My fingers tightened in the cotton against his abs. “I thought maybe crossing over would make things easier. You know? I could keep driving with maybe a little less harassment. I thought a division with no rules and with Trent and Drew sort of spearheading the message that the NRR was for everyone no matter who you were, especially the underdogs… I’m an underdog, Jace. I thought maybe I would belong there.”
“You belong beside me.” He spoke soft, his thumb caressing my cheek.
“I don’t think you understand,” I told him. My chest felt tight. The depth of feeling I knew for him was unmatched. Hell, up until now, I thought it was unattainable. It scared me so fucking bad.
If I lost this, it might crush me. I couldn’t accept his words. I couldn’t let them pierce my heart until I was sure he knew.
“I’m probably still going to be a target. The guys in my division, they’re going to be even worse now because I’m outing them. Cannon…”
“Don’t fucking say his name to me,” he growled.
“See?” I said, frustrated. “You’re already caught up in it. This goes beyond reporters asking us for comments on our relationship. Beyond me thinking it’s going to be magically better in the NRR. There’s always going to be the guys who don’t th
ink a woman belongs. They’re always going to look at me, think they can degrade me. Sexual harassment practically comes with my job.”
Jace’s eyes heated, turning molten, and the anger inside him crackled beneath his skin.
I forged on. “You can’t beat up every guy. You can’t rush to my defense all the time. You’re going to get comments and shit because we’re together. Sometimes you’re going to have to sit by and see what people do to me.”
He released me, moving away, only to turn and pace back.
“People can suck my dick,” he spat.
“No they can’t.” I sniffed. “That’s my job.”
He laughed, running a hand through his hair. “I’ve been dealing with assholes and people who want to challenge me for a long time, Josie. If anyone wants to come at me for loving you, then let them. That’s nothing.”
I opened my mouth, and he cut me off.
“As far as watching men in this profession treat you like shit? Fuck no, I won’t. We’re gonna get that straight right now. No one, and I mean no one, will disrespect you in my presence. And if they do it when I’m not around, they’ll hear about it. There’s nothing you can do or say to stop me.”
“Don’t you get it!” I flung my hands out, frustrated. “I’ve been fighting for years for equality. To be treated the same. If you step in and start fighting my battles and I let you, what does that say about me? It says I need a man to force other men to treat me right. No, Jace. I want respect because I earned it.”
“Some people won’t respect you no matter how much you deserve it,” he deadpanned.

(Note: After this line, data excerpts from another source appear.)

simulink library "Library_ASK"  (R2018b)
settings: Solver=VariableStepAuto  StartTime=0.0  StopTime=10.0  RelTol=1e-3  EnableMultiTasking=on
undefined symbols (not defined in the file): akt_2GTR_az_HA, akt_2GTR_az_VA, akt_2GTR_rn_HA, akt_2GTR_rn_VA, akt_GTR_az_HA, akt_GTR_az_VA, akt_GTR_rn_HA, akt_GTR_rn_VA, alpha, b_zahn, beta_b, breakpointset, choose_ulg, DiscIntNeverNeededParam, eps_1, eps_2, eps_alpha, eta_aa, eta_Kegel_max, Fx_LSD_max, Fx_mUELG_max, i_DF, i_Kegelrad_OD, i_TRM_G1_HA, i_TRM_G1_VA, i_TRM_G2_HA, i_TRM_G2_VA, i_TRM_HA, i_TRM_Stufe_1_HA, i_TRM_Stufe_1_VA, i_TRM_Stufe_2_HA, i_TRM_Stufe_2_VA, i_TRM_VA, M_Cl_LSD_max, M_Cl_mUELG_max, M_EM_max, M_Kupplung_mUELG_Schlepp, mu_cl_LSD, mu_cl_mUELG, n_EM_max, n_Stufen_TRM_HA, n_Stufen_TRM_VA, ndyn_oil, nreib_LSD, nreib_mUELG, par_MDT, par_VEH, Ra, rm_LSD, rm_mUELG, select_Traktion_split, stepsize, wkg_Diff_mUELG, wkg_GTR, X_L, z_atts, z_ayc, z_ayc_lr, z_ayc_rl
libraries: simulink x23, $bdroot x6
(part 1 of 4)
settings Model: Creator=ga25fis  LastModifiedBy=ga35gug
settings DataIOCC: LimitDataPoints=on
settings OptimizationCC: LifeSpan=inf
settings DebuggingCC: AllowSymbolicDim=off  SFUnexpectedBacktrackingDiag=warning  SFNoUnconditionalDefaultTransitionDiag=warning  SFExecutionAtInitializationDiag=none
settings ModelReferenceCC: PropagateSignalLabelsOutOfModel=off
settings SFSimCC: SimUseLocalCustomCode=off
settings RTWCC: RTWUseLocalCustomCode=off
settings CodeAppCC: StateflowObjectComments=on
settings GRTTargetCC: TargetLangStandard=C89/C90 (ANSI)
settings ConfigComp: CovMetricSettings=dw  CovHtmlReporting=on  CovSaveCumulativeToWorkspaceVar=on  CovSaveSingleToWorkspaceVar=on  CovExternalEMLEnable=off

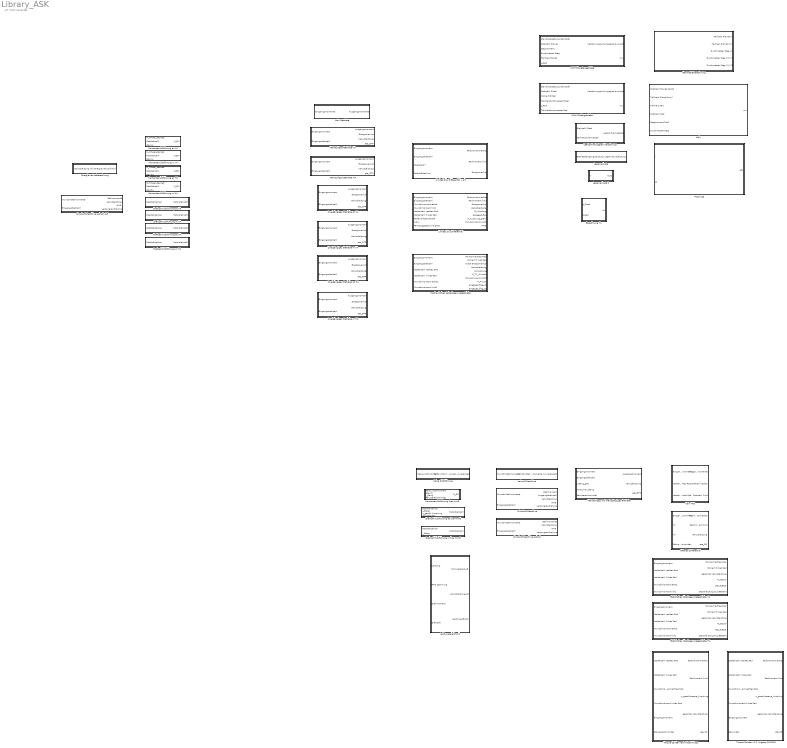
== system Library_ASK ==
  note: ALT / Nicht verwendet
  Berechnung Hv : Subsystem
  Drehzahlrückführung az HA : Subsystem
      mask Display: set_param(gcb, 'BackgroundColor', '[0.9,0.7,1]');
  Drehzahlrückführung az VA : Subsystem
      mask Display: set_param(gcb, 'BackgroundColor', '[0.9,0.7,1]');
  Drehzahlrückführung az fuer mmG : Subsystem
      mask Display: set_param(gcb, 'BackgroundColor', '[0.9,0.7,1]');
  Drehzahlrückführung rn HA : Subsystem
      mask Display: set_param(gcb, 'BackgroundColor', '[0.9,0.7,1]');
  Drehzahlrückführung rn VA : Subsystem
      mask Display: set_param(gcb, 'BackgroundColor', '[0.9,0.7,1]');
  Drehzahlrückführung rn fuer mmG : Subsystem
      mask Display: set_param(gcb, 'BackgroundColor', '[0.9,0.7,1]');
  Elektrisches Überlagerungsgetriebe HA : Subsystem
      settings: MinAlgLoopOccurrences=on
      mask Display: set_param(gcb, 'BackgroundColor', '[0,1,0.6]');
  Elektrisches Überlagerungsgetriebe VA : Subsystem
      settings: MinAlgLoopOccurrences=on
      mask Display: set_param(gcb, 'BackgroundColor', '[0,1,0.6]');
  Energieverlustberechnung : Subsystem
      mask Display: set_param(gcb, 'BackgroundColor', '[0.3,0.3,0.6]');
  Geometrieberechnung : Subsystem
  Kein Getriebe : Subsystem
      settings: MinAlgLoopOccurrences=on
      mask Display: set_param(gcb, 'BackgroundColor', '[0.9,0.1,0.4]');
  Kein MVS : Subsystem
      mask Display: set_param(gcb, 'BackgroundColor', '[0,1,0.6]');
  Keine E-Maschine : Subsystem
      settings: MinAlgLoopOccurrences=on
      mask Display: set_param(gcb, 'BackgroundColor', '[0.5,0.7,1]');
  Keine Rückführung : Subsystem
      mask Display: set_param(gcb, 'BackgroundColor', '[0.9,0.7,1]');
  Kelly : Subsystem
  Lagerverluste : Subsystem
  Lagerverluste 2 : Subsystem
  Leerlaufverlustgrad Verzahnung : Subsystem
  Leistungselektronik : Subsystem  mask{Efficiency_Map=0, Current=0, Voltage=0, Powerfactor=0, Powerfactor_Map=0, Torque=0, Speed=0}
      mask prompts: Current "Strom"; Voltage "Spannung"; Torque "Drehmoment"; Speed "Drehzahl"
      mask DialogControl ParameterGroupVar Prompt: Efficiency_Map
      mask DialogControl ParameterGroupVar_copy Prompt: Powerfactor_Map
  Limited Slip Differential : Subsystem
      settings: MinAlgLoopOccurrences=on
      mask Display: set_param(gcb, 'BackgroundColor', '[0,1,0.6]');
  "Limited Slip Differential -- alt" : Subsystem
      settings: MinAlgLoopOccurrences=on
      mask Display: set_param(gcb, 'BackgroundColor', '[0,1,0.6]');
  Mehrstufiges Getriebe HA : Subsystem
      settings: MinAlgLoopOccurrences=on
      mask Display: set_param(gcb, 'BackgroundColor', '[0.9,0.1,0.4]');
  Mehrstufiges Getriebe VA : Subsystem
      settings: MinAlgLoopOccurrences=on
      mask Display: set_param(gcb, 'BackgroundColor', '[0.9,0.1,0.4]');
  Mehrstufiges und mehrgängiges Getriebe : Subsystem
      settings: MinAlgLoopOccurrences=on
      mask Display: set_param(gcb, 'BackgroundColor', '[0.9,0.1,0.4]');
  Momentenrückführung az HA : Subsystem
      mask Display: set_param(gcb, 'BackgroundColor', '[0.9,0.7,1]');
  Momentenrückführung az VA : Subsystem
      mask Display: set_param(gcb, 'BackgroundColor', '[0.9,0.7,1]');
  Momentenrückführung fuer mmG : Subsystem
      mask Display: set_param(gcb, 'BackgroundColor', '[0.9,0.7,1]');
  Momentenrückführung rn HA : Subsystem
      mask Display: set_param(gcb, 'BackgroundColor', '[0.9,0.7,1]');
  Momentenrückführung rn VA : Subsystem
      mask Display: set_param(gcb, 'BackgroundColor', '[0.9,0.7,1]');
  NWH Planetengetriebe : Subsystem
      mask Display: set_param(gcb, 'BackgroundColor', '[0.8,0.8,0.8]');
  NWH Stufengetriebe : Subsystem
      mask Display: set_param(gcb, 'BackgroundColor', '[0.8,0.8,0.8]');
  Offenes Differential : Subsystem  mask{M_max=par_MDT.VA.em.M_max_mot, i_max=par_MDT.VA.trans.imax}
      settings: MinAlgLoopOccurrences=on
      mask Display: set_param(gcb, 'BackgroundColor', '[0,1,0.6]');
  Poppinga : Subsystem
  Simple E-Maschine : Subsystem  mask{Mot_Mmax_Curve=par_MDT.VA.em.MaxMotorTrqCurve_M, Mot_nmax_Curve=par_MDT.VA.em.MaxMotorTrqCurve_w, Gen_Mmax_Curve=par_MDT.VA.em.MaxGeneratorTrqCurve_M, Gen_nmax_Curve=par_MDT.VA.em.MaxGeneratorTrqCurve_w, Mot_Pesce_Mat=par_MDT.VA.em.MotorEffMap3D, Mot_Pesce_y=par_MDT.VA.em.MotorEffMap3D_w, Mot_Pesce_z=par_MDT.VA.em.MotorEffMap3D_M, Gen_Pesce_Mat=par_MDT.VA.em.GeneratorEffMap3D, Gen_Pesce_y=par_MDT.VA.em.GeneratorEffMap3D_w, Gen_Pesce_z=par_MDT.VA.em.GeneratorEffMap3D_M}
      settings: MinAlgLoopOccurrences=on
      mask Display: set_param(gcb, 'BackgroundColor', '[0.5,0.7,1]');
  Simple E-Maschine radnah : Subsystem  mask{Mot_Mmax_Curve=par_MDT.VA.em.MaxMotorTrqCurve_M, Mot_nmax_Curve=par_MDT.VA.em.MaxMotorTrqCurve_w, Gen_Mmax_Curve=par_MDT.VA.em.MaxGeneratorTrqCurve_M, Gen_nmax_Curve=par_MDT.VA.em.MaxGeneratorTrqCurve_w, Mot_Pesce_Mat=par_MDT.VA.em.MotorEffMap3D, Mot_Pesce_y=par_MDT.VA.em.MotorEffMap3D_w, Mot_Pesce_z=par_MDT.VA.em.MotorEffMap3D_M, Gen_Pesce_Mat=par_MDT.VA.em.GeneratorEffMap3D, Gen_Pesce_y=par_MDT.VA.em.GeneratorEffMap3D_w, Gen_Pesce_z=par_MDT.VA.em.GeneratorEffMap3D_M}
      settings: MinAlgLoopOccurrences=on
      mask Display: set_param(gcb, 'BackgroundColor', '[0.5,0.7,1]');
  Simple E-Maschine radnah ALT : Subsystem  mask{Mot_Mmax_Curve=par_VEH.dt.em.MmaxCurve_mot_VA, Mot_nmax_Curve=par_VEH.dt.em.nmaxCurve_mot_VA, Gen_Mmax_Curve=par_VEH.dt.em.MmaxCurve_gen_VA, Gen_nmax_Curve=par_VEH.dt.em.nmaxCurve_gen_VA, Mot_Pesce_Mat=par_VEH.dt.em.EffMapData_mot_VA, Mot_Pesce_y=par_VEH.dt.em.MotorEffMap3D_y_VA, Mot_Pesce_z=par_VEH.dt.em.MotorEffMap3D_z_VA, Gen_Pesce_Mat=par_VEH.dt.em.EffMapData_gen_VA, Gen_Pesce_y=par_VEH.dt.em.GeneratorEffMap3D_y_VA, Gen_Pesce_z=par_VEH.dt.em.GeneratorEffMap3D_z_VA}
      settings: MinAlgLoopOccurrences=on
      mask Display: set_param(gcb, 'BackgroundColor', '[0.5,0.7,1]');
  Torque Splitter nach Arbeit Tripps : Subsystem  TreatAsAtomicUnit=on
  Torque Splitter v2 C. Angerer 10/2018 : Subsystem
  Zweigängiges Getriebe az HA : Subsystem
      mask Display: set_param(gcb, 'BackgroundColor', '[0.9,0.1,0.4]');
  Zweigängiges Getriebe az VA : Subsystem
      mask Display: set_param(gcb, 'BackgroundColor', '[0.9,0.1,0.4]');
  Zweigängiges Getriebe rn HA : Subsystem
      mask Display: set_param(gcb, 'BackgroundColor', '[0.9,0.1,0.4]');
  Zweigängiges Getriebe rn VA : Subsystem
      mask Display: set_param(gcb, 'BackgroundColor', '[0.9,0.1,0.4]');
  mechanisches Ueberlagerungsgetriebe : Subsystem
      settings: MinAlgLoopOccurrences=on
      mask Display: set_param(gcb, 'BackgroundColor', '[0,1,0.6]');

== system Library_ASK/Berechnung Hv ==
  note: wegen Hohlrad
  z_Ritzel : Inport
  z_Rad : Inport  Port=2
  Abs : Abs
  Add : Sum
  Add1 : Sum  Inputs=+-++
  Berechnung i : Product  Inputs=*/
  Constant : Constant
  Constant1 : Constant
  Divide : Product  Inputs=*///
  Gain : Gain  Gain=pi
  Grundkreisschrägungswinkel : Constant  Value=par_VEH.trans.beta_b
  Kopfüberdeckung Rad : Constant  Value=par_VEH.trans.eps_2
  Kopfüberdeckung Ritzel : Constant  Value=par_VEH.trans.eps_1
  Math Function : Math  Operator=square  SaturateOnIntegerOverflow=on
  Math Function1 : Math  Operator=square  SaturateOnIntegerOverflow=on
  Product : Product
  Profilüberdeckung : Constant  Value=par_VEH.trans.alpha
  Trigonometric Function : Trigonometry  Operator=cos
  Hv : Outport
  wires:
  z_Ritzel/1 -> Divide/3, Berechnung i/2
  z_Rad/1 -> Abs/1
  Constant1/1 -> Add/1
  Berechnung i/1 -> Divide/2, Add/2
  Add/1 -> Gain/1
  Grundkreisschrägungswinkel/1 -> Trigonometric Function/1
  Gain/1 -> Divide/1
  Trigonometric Function/1 -> Divide/4
  Divide/1 -> Product/1
  Kopfüberdeckung Ritzel/1 -> Math Function/1
  Math Function/1 -> Add1/3
  Math Function1/1 -> Add1/4
  Kopfüberdeckung Rad/1 -> Math Function1/1
  Profilüberdeckung/1 -> Add1/2
  Constant/1 -> Add1/1
  Add1/1 -> Product/2
  Product/1 -> Hv/1
  Abs/1 -> Berechnung i/1

== system Library_ASK/Drehzahlrückführung az HA ==
  note: Das hier ist nur für die az gedacht! Die radnahen kriegen ihre Drehzahlen von den MVS über die from - Blöcke
  Raddrehzahlen : Inport
  Add : Sum
  Constant : Constant  Value=akt_GTR_az_HA
  Constant1 : Constant  Value=akt_2GTR_az_HA
  Demux : Demux  Outputs=2
  Fall Einganggetriebe : Subsystem
  Fall Zweiganggetriebe : Subsystem
  Gain : Gain  Gain=0.5
  Switch : Switch  Criteria=u2 > Threshold
  Motordrehzahl : Outport
  wires:
  Constant1/1 -> Fall Zweiganggetriebe/Enable
  Constant/1 -> Fall Einganggetriebe/Enable, Switch/2
  Fall Einganggetriebe/1(Motordrehzahl) -> Switch/1
  Switch/1 -> Motordrehzahl/1
  Fall Zweiganggetriebe/1(Motordrehzahl) -> Switch/3
  Gain/1 -> Fall Zweiganggetriebe/1(Mittlere Raddrehzahl), Fall Einganggetriebe/1(Mittlere Raddrehzahl)
  Raddrehzahlen/1 -> Demux/1
  Demux/1 -> Add/1
  Demux/2 -> Add/2
  Add/1 -> Gain/1

== system Library_ASK/Drehzahlrückführung az VA ==
  note: Das hier ist nur für die az gedacht! Die radnahen kriegen ihre Drehzahlen von den MVS über die from - Blöcke
  Raddrehzahlen : Inport
  Add : Sum
  Constant : Constant  Value=akt_GTR_az_VA
  Constant1 : Constant  Value=akt_2GTR_az_VA
  Demux : Demux  Outputs=2
  Fall Einganggetriebe : Subsystem
  Fall Zweiganggetriebe : Subsystem
  Gain : Gain  Gain=0.5
  Switch : Switch  Criteria=u2 > Threshold
  Motordrehzahl : Outport
  wires:
  Add/1 -> Gain/1
  Demux/2 -> Add/2
  Demux/1 -> Add/1
  Raddrehzahlen/1 -> Demux/1
  Gain/1 -> Fall Einganggetriebe/1(Mittlere Raddrehzahl), Fall Zweiganggetriebe/1(Mittlere Raddrehzahl)
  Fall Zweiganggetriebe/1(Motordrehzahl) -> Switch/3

My shoulders slumped a little under it all. He was right. I knew it. But I was right, too.
It was like we were standing at an impasse.
“Then it won’t matter what you do,” I said.
“I can’t make people respect you, Josie, but this shit with the hazing… That stops now.”
“I don’t need a white knight.”
“I’m more of a dark troublemaker with a white Lotus.” He winked.
My lips twitched. I tried desperately not to smile. God, he was so charming. A good guy wrapped up in a bad-boy package. His dark, mysterious eyes weren’t much of a mystery to me anymore. The dark, bottomless way they appeared was just a front. His experiences, the shit that made him jaded, the take-no-prisoners attitude made him Lorhaven.